→ **Prompt**
Scan the data below. Pull out each line where "ezdxf" occurs.

Dataset excerpts

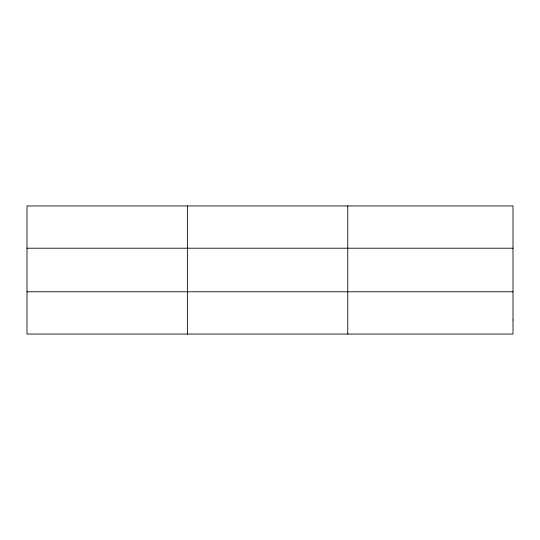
<?xml version="1.0" encoding="UTF-8"?>
<svg xmlns="http://www.w3.org/2000/svg" width="540" height="540" viewBox="0 0 540 540"><rect width="100%" height="100%" fill="white"/><g stroke="black" fill="none" stroke-linecap="round" stroke-linejoin="round"><path stroke-width="0.81" d="M187.38 205.943L187.38 334.058M347.76 205.943L347.76 334.058M27 248.218L513 248.218M27 291.782L513 291.782M513 319.964L513 334.058L27 334.058L27 205.943L513 205.943L513 319.964"/></g></svg>
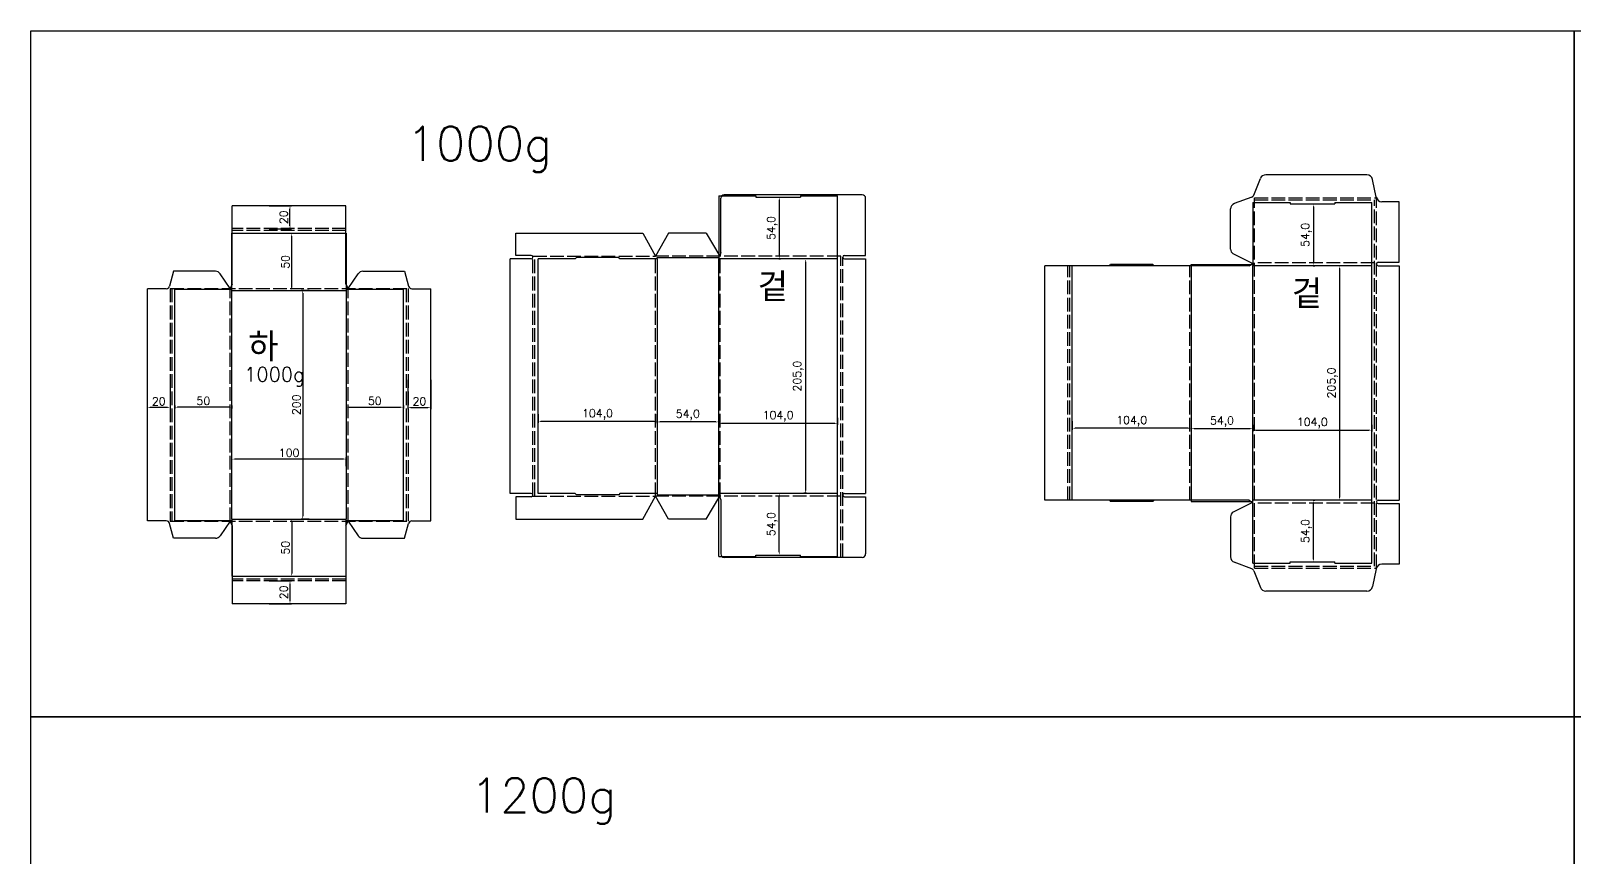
# Model space of a CAD drawing. Header units: millimetres. Extents: x 2179 to 11229, y 1198 to 3756.
# Drawn here: x 6679 to 8029, y 2513 to 3235 of the extents above; entities that cross this region are included whole.
import ezdxf

# ---------------------------------------------------------------- set-up
doc = ezdxf.new("R2010")
doc.units = ezdxf.units.MM
doc.linetypes.add('ACAD_ISO02W100', pattern=[15, 12, -3])
for name, color, linetype in [('기지', 7, 'Continuous'), ('인쇄지', 7, 'Continuous'), ('치수', 7, 'Continuous')]:
    doc.layers.add(name, color=color, linetype=linetype)
doc.styles.add('FHG', font='TXT.shx', dxfattribs={"height": 0.18, "bigfont": 'whgtxt.shx'})
doc.styles.get("Standard").update_dxf_attribs({"font": 'txt.shx', "bigfont": 'zfhg.shx'})
doc.dimstyles.new('ISO-25', dxfattribs={"dimtxt": 2.5, "dimasz": 2.5, "dimexe": 1.25, "dimexo": 0.625, "dimtad": 1, "dimtxsty": 'Standard', "dimcen": 2.5, "dimadec": 0, "dimazin": 0, "dimtfac": 1, "dimtmove": 0, "dimatfit": 3, "dimfxl": 0, "dimarcsym": 0})

# ---------------------------------------------------------------- blocks, each defined once
blk = doc.blocks.new('*D339')
at = {"layer": 'DEFPOINTS', "color": 0}
for p in [(7825.2, 3029.8), (7823.6, 2824.8), (7825.2, 2824.8)]:
    blk.add_point(p, dxfattribs=at)
at = {"layer": '치수', "color": 0, "lineweight": -2}
for p, q in [((7824.6, 3029.8), (7822.4, 3029.8)), ((7823.6, 3027.3), (7823.6, 2827.3)), ((7824.6, 2824.8), (7822.4, 2824.8))]:
    blk.add_line(p, q, dxfattribs=at)
at = {"layer": '치수', "color": 0}
for points in [[(7823.2, 3027.3), (7824, 3027.3), (7823.6, 3029.8)], [(7823.2, 2827.3), (7824, 2827.3), (7823.6, 2824.8)]]:
    blk.add_solid(points, dxfattribs=at)
at = {"layer": '치수', "color": 0, "insert": (7817.5, 2927.3), "char_height": 7, "attachment_point": 5, "rotation": 90}
blk.add_mtext('205,0', dxfattribs=at)
blk = doc.blocks.new('*D343')
at = {"layer": 'DEFPOINTS', "color": 0}
for p in [(7799.8, 2824.8), (7800.8, 2824.8), (7799.8, 2770.8)]:
    blk.add_point(p, dxfattribs=at)
at = {"layer": '치수', "color": 0, "lineweight": -2}
for p, q in [((7800.5, 2824.8), (7802, 2824.8)), ((7800.8, 2773.3), (7800.8, 2822.3)), ((7800.5, 2770.8), (7802, 2770.8))]:
    blk.add_line(p, q, dxfattribs=at)
at = {"layer": '치수', "color": 0}
for points in [[(7800.4, 2822.3), (7801.2, 2822.3), (7800.8, 2824.8)], [(7800.4, 2773.3), (7801.2, 2773.3), (7800.8, 2770.8)]]:
    blk.add_solid(points, dxfattribs=at)
at = {"layer": '치수', "color": 0, "insert": (7794.7, 2797.8), "char_height": 7, "attachment_point": 5, "rotation": 90}
blk.add_mtext('54,0', dxfattribs=at)
blk = doc.blocks.new('*D341')
at = {"layer": 'DEFPOINTS', "color": 0}
for p in [(7589.8, 2894.7), (7693.8, 2894.7), (7589.8, 2887.7)]:
    blk.add_point(p, dxfattribs=at)
at = {"layer": '치수', "color": 0, "lineweight": -2}
for p, q in [((7589.8, 2894), (7589.8, 2886.4)), ((7693.8, 2894), (7693.8, 2886.4)), ((7691.3, 2887.7), (7592.3, 2887.7))]:
    blk.add_line(p, q, dxfattribs=at)
at = {"layer": '치수', "color": 0}
for points in [[(7592.3, 2888.1), (7592.3, 2887.3), (7589.8, 2887.7)], [(7691.3, 2888.1), (7691.3, 2887.3), (7693.8, 2887.7)]]:
    blk.add_solid(points, dxfattribs=at)
at = {"layer": '치수', "color": 0, "insert": (7641.8, 2893.8), "char_height": 7, "attachment_point": 5}
blk.add_mtext('104,0', dxfattribs=at)
blk = doc.blocks.new('*D340')
at = {"layer": 'DEFPOINTS', "color": 0}
for p in [(7747.8, 2891.4), (7851.8, 2891.4), (7851.8, 2886)]:
    blk.add_point(p, dxfattribs=at)
at = {"layer": '치수', "color": 0, "lineweight": -2}
for p, q in [((7747.8, 2890.8), (7747.8, 2884.8)), ((7851.8, 2890.8), (7851.8, 2884.8)), ((7750.3, 2886), (7849.3, 2886))]:
    blk.add_line(p, q, dxfattribs=at)
at = {"layer": '치수', "color": 0}
for points in [[(7750.3, 2886.5), (7750.3, 2885.6), (7747.8, 2886)], [(7849.3, 2886.5), (7849.3, 2885.6), (7851.8, 2886)]]:
    blk.add_solid(points, dxfattribs=at)
at = {"layer": '치수', "color": 0, "insert": (7799.8, 2892.1), "char_height": 7, "attachment_point": 5}
blk.add_mtext('104,0', dxfattribs=at)
blk = doc.blocks.new('*D342')
at = {"layer": 'DEFPOINTS', "color": 0}
for p in [(7693.8, 2890), (7747.8, 2890), (7693.8, 2887.3)]:
    blk.add_point(p, dxfattribs=at)
at = {"layer": '치수', "color": 0, "lineweight": -2}
for p, q in [((7693.8, 2889.4), (7693.8, 2886)), ((7747.8, 2889.4), (7747.8, 2886)), ((7745.3, 2887.3), (7696.3, 2887.3))]:
    blk.add_line(p, q, dxfattribs=at)
at = {"layer": '치수', "color": 0}
for points in [[(7696.3, 2887.7), (7696.3, 2886.9), (7693.8, 2887.3)], [(7745.3, 2887.7), (7745.3, 2886.9), (7747.8, 2887.3)]]:
    blk.add_solid(points, dxfattribs=at)
at = {"layer": '치수', "color": 0, "insert": (7720.8, 2893.4), "char_height": 7, "attachment_point": 5}
blk.add_mtext('54,0', dxfattribs=at)
blk = doc.blocks.new('*D345')
at = {"layer": 'DEFPOINTS', "color": 0}
for p in [(7799.8, 3083.8), (7799.8, 3029.8), (7800.8, 3029.8)]:
    blk.add_point(p, dxfattribs=at)
at = {"layer": '치수', "color": 0, "lineweight": -2}
for p, q in [((7800.5, 3083.8), (7802, 3083.8)), ((7800.8, 3081.3), (7800.8, 3032.3)), ((7800.5, 3029.8), (7802, 3029.8))]:
    blk.add_line(p, q, dxfattribs=at)
at = {"layer": '치수', "color": 0}
for points in [[(7800.4, 3081.3), (7801.2, 3081.3), (7800.8, 3083.8)], [(7800.4, 3032.3), (7801.2, 3032.3), (7800.8, 3029.8)]]:
    blk.add_solid(points, dxfattribs=at)
at = {"layer": '치수', "color": 0, "insert": (7794.7, 3056.8), "char_height": 7, "attachment_point": 5, "rotation": 90}
blk.add_mtext('54,0', dxfattribs=at)
blk = doc.blocks.new('*D347')
at = {"layer": 'DEFPOINTS', "color": 0}
for p in [(7280.5, 2897.4), (7384.5, 2897.4), (7384.5, 2892)]:
    blk.add_point(p, dxfattribs=at)
at = {"layer": '치수', "color": 0, "lineweight": -2}
for p, q in [((7280.5, 2896.7), (7280.5, 2890.7)), ((7283, 2892), (7382, 2892)), ((7384.5, 2896.7), (7384.5, 2890.7))]:
    blk.add_line(p, q, dxfattribs=at)
at = {"layer": '치수', "color": 0}
for points in [[(7283, 2892.4), (7283, 2891.6), (7280.5, 2892)], [(7382, 2892.4), (7382, 2891.6), (7384.5, 2892)]]:
    blk.add_solid(points, dxfattribs=at)
at = {"layer": '치수', "color": 0, "insert": (7332.5, 2898.1), "char_height": 7, "attachment_point": 5}
blk.add_mtext('104,0', dxfattribs=at)
blk = doc.blocks.new('*D346')
at = {"layer": 'DEFPOINTS', "color": 0}
for p in [(7122.5, 2900.6), (7122.5, 2893.6), (7226.5, 2900.6)]:
    blk.add_point(p, dxfattribs=at)
at = {"layer": '치수', "color": 0, "lineweight": -2}
for p, q in [((7122.5, 2900), (7122.5, 2892.4)), ((7224, 2893.6), (7125, 2893.6)), ((7226.5, 2900), (7226.5, 2892.4))]:
    blk.add_line(p, q, dxfattribs=at)
at = {"layer": '치수', "color": 0}
for points in [[(7125, 2894), (7125, 2893.2), (7122.5, 2893.6)], [(7224, 2894), (7224, 2893.2), (7226.5, 2893.6)]]:
    blk.add_solid(points, dxfattribs=at)
at = {"layer": '치수', "color": 0, "insert": (7174.5, 2899.7), "char_height": 7, "attachment_point": 5}
blk.add_mtext('104,0', dxfattribs=at)
blk = doc.blocks.new('*D348')
at = {"layer": 'DEFPOINTS', "color": 0}
for p in [(7226.5, 2896), (7226.5, 2893.2), (7280.5, 2896)]:
    blk.add_point(p, dxfattribs=at)
at = {"layer": '치수', "color": 0, "lineweight": -2}
for p, q in [((7226.5, 2895.3), (7226.5, 2892)), ((7278, 2893.2), (7229, 2893.2)), ((7280.5, 2895.3), (7280.5, 2892))]:
    blk.add_line(p, q, dxfattribs=at)
at = {"layer": '치수', "color": 0}
for points in [[(7229, 2893.6), (7229, 2892.8), (7226.5, 2893.2)], [(7278, 2893.6), (7278, 2892.8), (7280.5, 2893.2)]]:
    blk.add_solid(points, dxfattribs=at)
at = {"layer": '치수', "color": 0, "insert": (7253.5, 2899.3), "char_height": 7, "attachment_point": 5}
blk.add_mtext('54,0', dxfattribs=at)
blk = doc.blocks.new('*D349')
at = {"layer": 'DEFPOINTS', "color": 0}
for p in [(7357.9, 3035.8), (7356.3, 2830.8), (7357.9, 2830.8)]:
    blk.add_point(p, dxfattribs=at)
at = {"layer": '치수', "color": 0, "lineweight": -2}
for p, q in [((7357.3, 3035.8), (7355.1, 3035.8)), ((7356.3, 3033.3), (7356.3, 2833.3)), ((7357.3, 2830.8), (7355.1, 2830.8))]:
    blk.add_line(p, q, dxfattribs=at)
at = {"layer": '치수', "color": 0}
for points in [[(7355.9, 3033.3), (7356.7, 3033.3), (7356.3, 3035.8)], [(7355.9, 2833.3), (7356.7, 2833.3), (7356.3, 2830.8)]]:
    blk.add_solid(points, dxfattribs=at)
at = {"layer": '치수', "color": 0, "insert": (7350.2, 2933.3), "char_height": 7, "attachment_point": 5, "rotation": 90}
blk.add_mtext('205,0', dxfattribs=at)
blk = doc.blocks.new('*D350')
at = {"layer": 'DEFPOINTS', "color": 0}
for p in [(7332.5, 2830.8), (7333.5, 2830.8), (7332.5, 2776.8)]:
    blk.add_point(p, dxfattribs=at)
at = {"layer": '치수', "color": 0, "lineweight": -2}
for p, q in [((7333.2, 2830.8), (7334.7, 2830.8)), ((7333.5, 2779.3), (7333.5, 2828.3)), ((7333.2, 2776.8), (7334.7, 2776.8))]:
    blk.add_line(p, q, dxfattribs=at)
at = {"layer": '치수', "color": 0}
for points in [[(7333.1, 2828.3), (7333.9, 2828.3), (7333.5, 2830.8)], [(7333.1, 2779.3), (7333.9, 2779.3), (7333.5, 2776.8)]]:
    blk.add_solid(points, dxfattribs=at)
at = {"layer": '치수', "color": 0, "insert": (7327.4, 2803.8), "char_height": 7, "attachment_point": 5, "rotation": 90}
blk.add_mtext('54,0', dxfattribs=at)
blk = doc.blocks.new('*D351')
at = {"layer": 'DEFPOINTS', "color": 0}
for p in [(7332.5, 3089.8), (7332.5, 3035.8), (7333.5, 3035.8)]:
    blk.add_point(p, dxfattribs=at)
at = {"layer": '치수', "color": 0, "lineweight": -2}
for p, q in [((7333.2, 3089.8), (7334.7, 3089.8)), ((7333.5, 3087.3), (7333.5, 3038.3)), ((7333.2, 3035.8), (7334.7, 3035.8))]:
    blk.add_line(p, q, dxfattribs=at)
at = {"layer": '치수', "color": 0}
for points in [[(7333.1, 3087.3), (7333.9, 3087.3), (7333.5, 3089.8)], [(7333.1, 3038.3), (7333.9, 3038.3), (7333.5, 3035.8)]]:
    blk.add_solid(points, dxfattribs=at)
at = {"layer": '치수', "color": 0, "insert": (7327.4, 3062.8), "char_height": 7, "attachment_point": 5, "rotation": 90}
blk.add_mtext('54,0', dxfattribs=at)
blk = doc.blocks.new('*D516')
at = {"layer": 'DEFPOINTS', "color": 0}
for p in [(6854.7, 2860.7), (6854.7, 2853.9), (6954.7, 2853.9)]:
    blk.add_point(p, dxfattribs=at)
at = {"layer": '치수', "color": 0, "lineweight": -2}
for p, q in [((6854.7, 2854.6), (6854.7, 2862)), ((6952.2, 2860.7), (6857.2, 2860.7)), ((6954.7, 2854.6), (6954.7, 2862))]:
    blk.add_line(p, q, dxfattribs=at)
at = {"layer": '치수', "color": 0}
for points in [[(6857.2, 2861.1), (6857.2, 2860.3), (6854.7, 2860.7)], [(6952.2, 2861.1), (6952.2, 2860.3), (6954.7, 2860.7)]]:
    blk.add_solid(points, dxfattribs=at)
at = {"layer": '치수', "color": 0, "insert": (6904.7, 2866.2), "char_height": 7, "attachment_point": 5}
blk.add_mtext('100', dxfattribs=at)
blk = doc.blocks.new('*D511')
at = {"layer": 'DEFPOINTS', "color": 0}
for p in [(6804.7, 2908.2), (6804.7, 2906.1), (6854.7, 2908.2)]:
    blk.add_point(p, dxfattribs=at)
at = {"layer": '치수', "color": 0, "lineweight": -2}
for p, q in [((6804.7, 2907.6), (6804.7, 2904.9)), ((6852.2, 2906.1), (6807.2, 2906.1)), ((6854.7, 2907.6), (6854.7, 2904.9))]:
    blk.add_line(p, q, dxfattribs=at)
at = {"layer": '치수', "color": 0}
for points in [[(6807.2, 2906.5), (6807.2, 2905.7), (6804.7, 2906.1)], [(6852.2, 2906.5), (6852.2, 2905.7), (6854.7, 2906.1)]]:
    blk.add_solid(points, dxfattribs=at)
at = {"layer": '치수', "color": 0, "insert": (6829.7, 2911.6), "char_height": 7, "attachment_point": 5}
blk.add_mtext('50', dxfattribs=at)
blk = doc.blocks.new('*D510')
at = {"layer": 'DEFPOINTS', "color": 0}
for p in [(6780.7, 2930.7), (6800.7, 2930.7), (6780.7, 2905.7)]:
    blk.add_point(p, dxfattribs=at)
at = {"layer": '치수', "color": 0, "lineweight": -2}
for p, q in [((6780.7, 2930.1), (6780.7, 2904.5)), ((6800.7, 2930.1), (6800.7, 2904.5)), ((6798.2, 2905.7), (6783.2, 2905.7))]:
    blk.add_line(p, q, dxfattribs=at)
at = {"layer": '치수', "color": 0}
for points in [[(6783.2, 2906.2), (6783.2, 2905.3), (6780.7, 2905.7)], [(6798.2, 2906.2), (6798.2, 2905.3), (6800.7, 2905.7)]]:
    blk.add_solid(points, dxfattribs=at)
at = {"layer": '치수', "color": 0, "insert": (6790.7, 2911.2), "char_height": 7, "attachment_point": 5}
blk.add_mtext('20', dxfattribs=at)
blk = doc.blocks.new('*D509')
at = {"layer": 'DEFPOINTS', "color": 0}
for p in [(6923, 3008.2), (6916.6, 2808.2), (6923, 2808.2)]:
    blk.add_point(p, dxfattribs=at)
at = {"layer": '치수', "color": 0, "lineweight": -2}
for p, q in [((6922.4, 3008.2), (6915.4, 3008.2)), ((6916.6, 3005.7), (6916.6, 2810.7)), ((6922.4, 2808.2), (6915.4, 2808.2))]:
    blk.add_line(p, q, dxfattribs=at)
at = {"layer": '치수', "color": 0}
for points in [[(6916.2, 3005.7), (6917, 3005.7), (6916.6, 3008.2)], [(6916.2, 2810.7), (6917, 2810.7), (6916.6, 2808.2)]]:
    blk.add_solid(points, dxfattribs=at)
at = {"layer": '치수', "color": 0, "insert": (6911.1, 2908.2), "char_height": 7, "attachment_point": 5, "rotation": 90}
blk.add_mtext('200', dxfattribs=at)
blk = doc.blocks.new('*D518')
at = {"layer": 'DEFPOINTS', "color": 0}
for p in [(6904.7, 2808.2), (6904.7, 2758.2), (6907, 2758.2)]:
    blk.add_point(p, dxfattribs=at)
at = {"layer": '치수', "color": 0, "lineweight": -2}
for p, q in [((6905.4, 2808.2), (6908.3, 2808.2)), ((6907, 2805.7), (6907, 2760.7)), ((6905.4, 2758.2), (6908.3, 2758.2))]:
    blk.add_line(p, q, dxfattribs=at)
at = {"layer": '치수', "color": 0}
for points in [[(6906.6, 2805.7), (6907.4, 2805.7), (6907, 2808.2)], [(6906.6, 2760.7), (6907.4, 2760.7), (6907, 2758.2)]]:
    blk.add_solid(points, dxfattribs=at)
at = {"layer": '치수', "color": 0, "insert": (6901.5, 2783.2), "char_height": 7, "attachment_point": 5, "rotation": 90}
blk.add_mtext('50', dxfattribs=at)
blk = doc.blocks.new('*D514')
at = {"layer": 'DEFPOINTS', "color": 0}
for p in [(6886.6, 2754.2), (6886.6, 2734.2), (6905.5, 2734.2)]:
    blk.add_point(p, dxfattribs=at)
at = {"layer": '치수', "color": 0, "lineweight": -2}
for p, q in [((6887.3, 2754.2), (6906.7, 2754.2)), ((6905.5, 2751.7), (6905.5, 2736.7)), ((6887.3, 2734.2), (6906.7, 2734.2))]:
    blk.add_line(p, q, dxfattribs=at)
at = {"layer": '치수', "color": 0}
for points in [[(6905.1, 2751.7), (6905.9, 2751.7), (6905.5, 2754.2)], [(6905.1, 2736.7), (6905.9, 2736.7), (6905.5, 2734.2)]]:
    blk.add_solid(points, dxfattribs=at)
at = {"layer": '치수', "color": 0, "insert": (6900, 2744.2), "char_height": 7, "attachment_point": 5, "rotation": 90}
blk.add_mtext('20', dxfattribs=at)
blk = doc.blocks.new('*D517')
at = {"layer": 'DEFPOINTS', "color": 0}
for p in [(6954.7, 2908.2), (7004.7, 2908.2), (7004.7, 2906.1)]:
    blk.add_point(p, dxfattribs=at)
at = {"layer": '치수', "color": 0, "lineweight": -2}
for p, q in [((6954.7, 2907.6), (6954.7, 2904.9)), ((6957.2, 2906.1), (7002.2, 2906.1)), ((7004.7, 2907.6), (7004.7, 2904.9))]:
    blk.add_line(p, q, dxfattribs=at)
at = {"layer": '치수', "color": 0}
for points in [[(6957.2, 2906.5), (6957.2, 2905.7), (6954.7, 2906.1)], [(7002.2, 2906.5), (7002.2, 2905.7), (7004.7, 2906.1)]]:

→ **Answer box**
import ezdxf
doc = ezdxf.new("R2010")
doc.units = ezdxf.units.MM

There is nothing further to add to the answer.